In My Opinion: Craig McGill: On what newspapers could have done to avoid being hit by Google

IT’S not that long ago I was arguing how advertising teams in the media weren’t exactly doing their part in the move to online. That, in my view, they were potentially costing papers revenue.

Well, do a Google search for ‘Scottish News’. If The Scotsman wasn’t on page one before, it certainly isn’t there now.

The search engine has taken exception to the way it hotlinked to flowers service, Interflora. And The Scotsman is far from being the only newspaper to have been treated this way, as search marketing folk, David Naylor – among several other news sites and commentators, including ComputerWeekly.com – have reminded us these last few days.

Long story, short: Last week, it was discovered that Google had kicked Interflora off the front page of search results for a variety of flower-related phrases and its own name. And it was because of advertorials on vari0us newspaper websites, including The Scotsman’s.

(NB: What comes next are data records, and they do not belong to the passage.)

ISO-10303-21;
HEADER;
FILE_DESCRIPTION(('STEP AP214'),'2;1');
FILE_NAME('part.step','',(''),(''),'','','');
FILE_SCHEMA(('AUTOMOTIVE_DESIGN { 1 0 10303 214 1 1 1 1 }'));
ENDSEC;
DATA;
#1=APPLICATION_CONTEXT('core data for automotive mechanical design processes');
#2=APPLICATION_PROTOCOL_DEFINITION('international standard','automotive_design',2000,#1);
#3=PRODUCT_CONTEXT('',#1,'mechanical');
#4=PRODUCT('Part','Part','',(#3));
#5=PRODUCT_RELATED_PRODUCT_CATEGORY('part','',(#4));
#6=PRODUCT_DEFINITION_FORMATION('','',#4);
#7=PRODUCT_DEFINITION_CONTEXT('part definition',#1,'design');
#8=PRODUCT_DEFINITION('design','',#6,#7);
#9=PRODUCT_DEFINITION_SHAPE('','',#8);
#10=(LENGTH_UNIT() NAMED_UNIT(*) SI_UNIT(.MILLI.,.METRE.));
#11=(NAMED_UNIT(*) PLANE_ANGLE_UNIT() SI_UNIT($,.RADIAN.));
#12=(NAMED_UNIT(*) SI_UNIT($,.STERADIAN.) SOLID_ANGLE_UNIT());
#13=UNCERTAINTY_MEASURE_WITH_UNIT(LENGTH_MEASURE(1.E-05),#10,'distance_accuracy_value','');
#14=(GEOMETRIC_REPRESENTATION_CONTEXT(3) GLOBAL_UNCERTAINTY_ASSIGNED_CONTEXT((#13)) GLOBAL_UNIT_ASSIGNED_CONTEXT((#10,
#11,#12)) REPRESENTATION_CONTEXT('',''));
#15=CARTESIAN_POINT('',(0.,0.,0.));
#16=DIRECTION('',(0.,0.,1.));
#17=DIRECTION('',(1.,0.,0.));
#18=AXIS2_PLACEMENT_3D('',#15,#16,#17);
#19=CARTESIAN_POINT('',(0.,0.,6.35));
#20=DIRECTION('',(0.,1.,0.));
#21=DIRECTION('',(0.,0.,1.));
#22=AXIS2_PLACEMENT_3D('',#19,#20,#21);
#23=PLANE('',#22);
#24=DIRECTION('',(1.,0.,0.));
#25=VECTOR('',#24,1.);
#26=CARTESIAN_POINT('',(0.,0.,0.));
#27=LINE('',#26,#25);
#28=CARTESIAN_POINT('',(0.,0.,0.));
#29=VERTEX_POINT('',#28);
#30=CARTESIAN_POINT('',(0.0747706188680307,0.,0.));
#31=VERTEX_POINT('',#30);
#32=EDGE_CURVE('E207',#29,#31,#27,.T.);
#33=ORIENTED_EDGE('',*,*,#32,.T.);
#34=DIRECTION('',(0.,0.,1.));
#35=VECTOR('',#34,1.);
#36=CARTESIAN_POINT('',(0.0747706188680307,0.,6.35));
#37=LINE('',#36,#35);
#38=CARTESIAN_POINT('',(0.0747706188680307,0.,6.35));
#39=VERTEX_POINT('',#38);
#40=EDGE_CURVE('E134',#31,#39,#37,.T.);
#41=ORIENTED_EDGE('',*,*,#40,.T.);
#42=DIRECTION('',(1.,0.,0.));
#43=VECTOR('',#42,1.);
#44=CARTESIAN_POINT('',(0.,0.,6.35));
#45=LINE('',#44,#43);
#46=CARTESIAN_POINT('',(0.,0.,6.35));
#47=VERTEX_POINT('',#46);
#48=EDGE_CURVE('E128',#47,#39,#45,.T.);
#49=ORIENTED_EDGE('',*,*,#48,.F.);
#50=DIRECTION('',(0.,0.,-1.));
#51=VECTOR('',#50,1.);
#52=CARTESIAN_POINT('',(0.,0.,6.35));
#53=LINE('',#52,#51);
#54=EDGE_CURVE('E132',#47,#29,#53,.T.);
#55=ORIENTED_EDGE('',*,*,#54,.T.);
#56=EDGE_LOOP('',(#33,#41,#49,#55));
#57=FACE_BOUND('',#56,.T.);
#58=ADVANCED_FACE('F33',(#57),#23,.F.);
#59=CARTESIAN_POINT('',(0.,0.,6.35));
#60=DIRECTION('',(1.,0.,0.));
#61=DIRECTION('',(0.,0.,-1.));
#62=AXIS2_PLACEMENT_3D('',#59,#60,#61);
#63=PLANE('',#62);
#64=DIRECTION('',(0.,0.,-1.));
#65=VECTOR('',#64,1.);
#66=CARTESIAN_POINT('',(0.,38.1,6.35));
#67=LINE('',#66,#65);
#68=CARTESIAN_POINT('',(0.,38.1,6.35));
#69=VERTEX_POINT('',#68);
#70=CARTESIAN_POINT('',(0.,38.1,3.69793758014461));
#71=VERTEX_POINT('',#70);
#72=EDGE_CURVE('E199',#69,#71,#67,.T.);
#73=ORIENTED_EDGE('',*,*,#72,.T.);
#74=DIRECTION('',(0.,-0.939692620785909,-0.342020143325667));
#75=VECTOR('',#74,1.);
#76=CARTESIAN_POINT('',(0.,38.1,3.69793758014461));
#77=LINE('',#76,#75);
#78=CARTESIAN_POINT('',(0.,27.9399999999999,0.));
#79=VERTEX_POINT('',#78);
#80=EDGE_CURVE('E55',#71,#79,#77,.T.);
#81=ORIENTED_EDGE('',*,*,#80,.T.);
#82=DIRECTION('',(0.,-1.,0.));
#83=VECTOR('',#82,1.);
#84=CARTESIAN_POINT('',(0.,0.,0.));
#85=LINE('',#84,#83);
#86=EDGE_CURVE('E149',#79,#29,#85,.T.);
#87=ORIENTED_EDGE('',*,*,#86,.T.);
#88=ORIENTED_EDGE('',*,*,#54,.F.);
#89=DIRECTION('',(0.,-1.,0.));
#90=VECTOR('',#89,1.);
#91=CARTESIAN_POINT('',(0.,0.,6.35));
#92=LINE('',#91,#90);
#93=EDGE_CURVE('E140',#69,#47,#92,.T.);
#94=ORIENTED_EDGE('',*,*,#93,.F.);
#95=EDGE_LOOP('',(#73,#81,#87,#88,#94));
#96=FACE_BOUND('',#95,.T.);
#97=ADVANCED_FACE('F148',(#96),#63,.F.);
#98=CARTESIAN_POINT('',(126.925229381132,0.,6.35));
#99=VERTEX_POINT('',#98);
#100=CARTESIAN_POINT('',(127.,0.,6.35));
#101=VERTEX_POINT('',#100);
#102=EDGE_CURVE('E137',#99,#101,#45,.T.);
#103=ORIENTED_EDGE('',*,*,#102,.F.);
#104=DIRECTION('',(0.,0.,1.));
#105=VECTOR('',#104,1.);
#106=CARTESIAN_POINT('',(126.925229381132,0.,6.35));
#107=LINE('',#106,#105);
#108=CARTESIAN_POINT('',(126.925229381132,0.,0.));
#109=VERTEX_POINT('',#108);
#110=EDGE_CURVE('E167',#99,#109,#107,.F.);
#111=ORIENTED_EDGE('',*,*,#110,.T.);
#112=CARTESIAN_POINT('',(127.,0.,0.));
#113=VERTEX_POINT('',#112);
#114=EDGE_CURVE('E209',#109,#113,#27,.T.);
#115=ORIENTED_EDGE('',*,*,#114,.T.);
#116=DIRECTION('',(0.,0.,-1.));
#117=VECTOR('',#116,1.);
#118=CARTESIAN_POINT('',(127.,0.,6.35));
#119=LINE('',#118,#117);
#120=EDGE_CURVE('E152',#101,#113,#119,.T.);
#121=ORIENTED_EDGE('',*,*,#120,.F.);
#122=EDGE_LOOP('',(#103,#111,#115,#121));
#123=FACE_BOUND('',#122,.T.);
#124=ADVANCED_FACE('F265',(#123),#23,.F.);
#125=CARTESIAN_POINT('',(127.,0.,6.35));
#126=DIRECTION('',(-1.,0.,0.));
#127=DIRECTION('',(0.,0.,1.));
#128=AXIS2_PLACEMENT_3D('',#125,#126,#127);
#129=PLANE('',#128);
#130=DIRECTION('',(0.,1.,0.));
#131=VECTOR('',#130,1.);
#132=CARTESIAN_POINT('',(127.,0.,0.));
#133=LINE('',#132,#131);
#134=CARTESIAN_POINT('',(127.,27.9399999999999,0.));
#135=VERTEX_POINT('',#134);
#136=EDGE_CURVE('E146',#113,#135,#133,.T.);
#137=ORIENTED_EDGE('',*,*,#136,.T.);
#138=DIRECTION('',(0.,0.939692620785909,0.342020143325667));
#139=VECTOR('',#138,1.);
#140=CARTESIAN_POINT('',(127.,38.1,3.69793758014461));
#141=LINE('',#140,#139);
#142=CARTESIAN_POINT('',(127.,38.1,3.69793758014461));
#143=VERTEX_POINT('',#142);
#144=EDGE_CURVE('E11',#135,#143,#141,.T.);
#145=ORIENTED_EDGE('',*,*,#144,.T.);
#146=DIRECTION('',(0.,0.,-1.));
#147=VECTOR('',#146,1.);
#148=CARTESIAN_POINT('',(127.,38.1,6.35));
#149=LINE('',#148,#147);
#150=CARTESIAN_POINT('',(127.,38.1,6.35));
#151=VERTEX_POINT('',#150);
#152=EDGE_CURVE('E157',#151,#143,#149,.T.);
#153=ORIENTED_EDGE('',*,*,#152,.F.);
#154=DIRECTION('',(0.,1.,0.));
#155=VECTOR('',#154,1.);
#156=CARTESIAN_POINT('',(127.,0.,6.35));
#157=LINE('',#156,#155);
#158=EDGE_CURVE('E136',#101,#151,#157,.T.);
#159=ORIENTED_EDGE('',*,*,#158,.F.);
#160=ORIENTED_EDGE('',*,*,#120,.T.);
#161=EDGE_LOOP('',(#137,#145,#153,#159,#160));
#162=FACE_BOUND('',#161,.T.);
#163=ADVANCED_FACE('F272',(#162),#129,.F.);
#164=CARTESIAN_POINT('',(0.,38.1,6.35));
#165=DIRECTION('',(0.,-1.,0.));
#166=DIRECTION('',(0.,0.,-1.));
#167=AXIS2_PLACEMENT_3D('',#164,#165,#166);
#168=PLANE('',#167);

People go to Google and they look through the first few – rarely more than ten – results and they pick what matches what they want. ‘Flowers for Mother’s Day’, ‘flowers for Easter’, and ‘wedding flowers’ are all phrases searched for thousands of times a day and people will click on a few of the results to see what matches up with what they want.

If you aren’t on that front page, you’re screwed. This is why people ‘do’ SEO – Search Engine Optimisation – so that they can be as high up the Google listings as possible.

One key part to SEO is linkage. This is where the link contains text relevant to what you are linking to. So if I was talking about allmediacotland.com elsewhere, I might say here’s a site about Scottish media news instead of ‘click here’. ‘Scottish media news’ is a good link for AMS. ‘Click here’ is of no use.

This also ties into what is known as PageRank. Very simply, this is a rank given to your site by Google which states how trustworthy it views your site, based on the links it has received.

So what was the problem?

The idea behind Google is that it is material people find useful, not material people have paid to have promoted. If you want to pay to promote sites, Google has ad sections – at the top and right of the search results – and AdWords to do that.

But the natural (ie non paid-for) results should be completely organic. This means bloggers should point out if they were paid for a review or blog post. It also means that companies – if it is a paid promotion like an advertorial is – should include a piece of code so that Google knows it shouldn’t count the page as part of the search engine rankings.

Such a simple thing to do, such potentially devastating consequences if you don’t, including negative PR.

The tragedy of all of this, as far as The Scotsman is specifically concerned, is that a decade ago – when the majority of Scottish Press (and many in the UK) had yet to recognise the digital opportunities – it was actually ahead of the game. With people like Neil McIntosh and Nick Clayton bringing out great copy, and Stewart Kirkpatrick as digital editor, The Scotsman online was among the world’s top websites for news.

How long the newspapers will be punished for is not known. It might be a wee while.

So, what are the implications of this?

I would love to think that advertising teams across the UK are being trained up on what they can and can’t sell when it comes to digital offerings on the back of this but I doubt they are.

Any brands or PR/marketing firm looking to do advertorial work will have to be careful to make sure that any linking involved is either properly tagged – or not bother spending the money in the first place and invest it in an area where they can still get links.

So, how to avoid it happening to you?

The PR/social media/marketing lessons are clear:

1. Invest in editorial, put it on your own platforms and make it something people will want to share/talk about. In other words, have interesting content.

2. If you do advertorial or any kind of paid review, make sure you have ‘nofollow’ coding placed on the relevant sites. You can take a chance and leave it out but you are taking a risk.

3. There are other ways of getting links – talk to whoever is doing your SEO or online PR.

4. Don’t try for paid links in organic search copy. As Mike McGrail from Velocity Digital pointed out on twitter: this isn’t 2005.

For newspapers, in particular:

1. Make sure your ad teams aren’t selling off anything that could impact negatively on your business. Make sure the online team for advertising are up-to-date with what you can and cannot do.

2. If there’s a conflct, make sure the ‘Org Chart’ leaves no room for error on who makes the final call on issues like this. Google doesn’t differentiate between advertising and editorial. It punishes all.

Does it mean the advertorial is dead? I think so, but Razvan Gavrilas over at CognitveSEO has a different idea: you can still do it and probably get away with the linkage, just don’t buy a large amount of them.

Craig McGill has written for – or been a member of staff at – TIME Magazine, The Guardian, Daily Mirror, The Scotsman, Evening Times, The Press and Journal, The Sun and Evening Times. An author of four non-fiction books, he has been recently appointed a lecturer in ‘cross-platform journalism‘ at Edinburgh Napier University.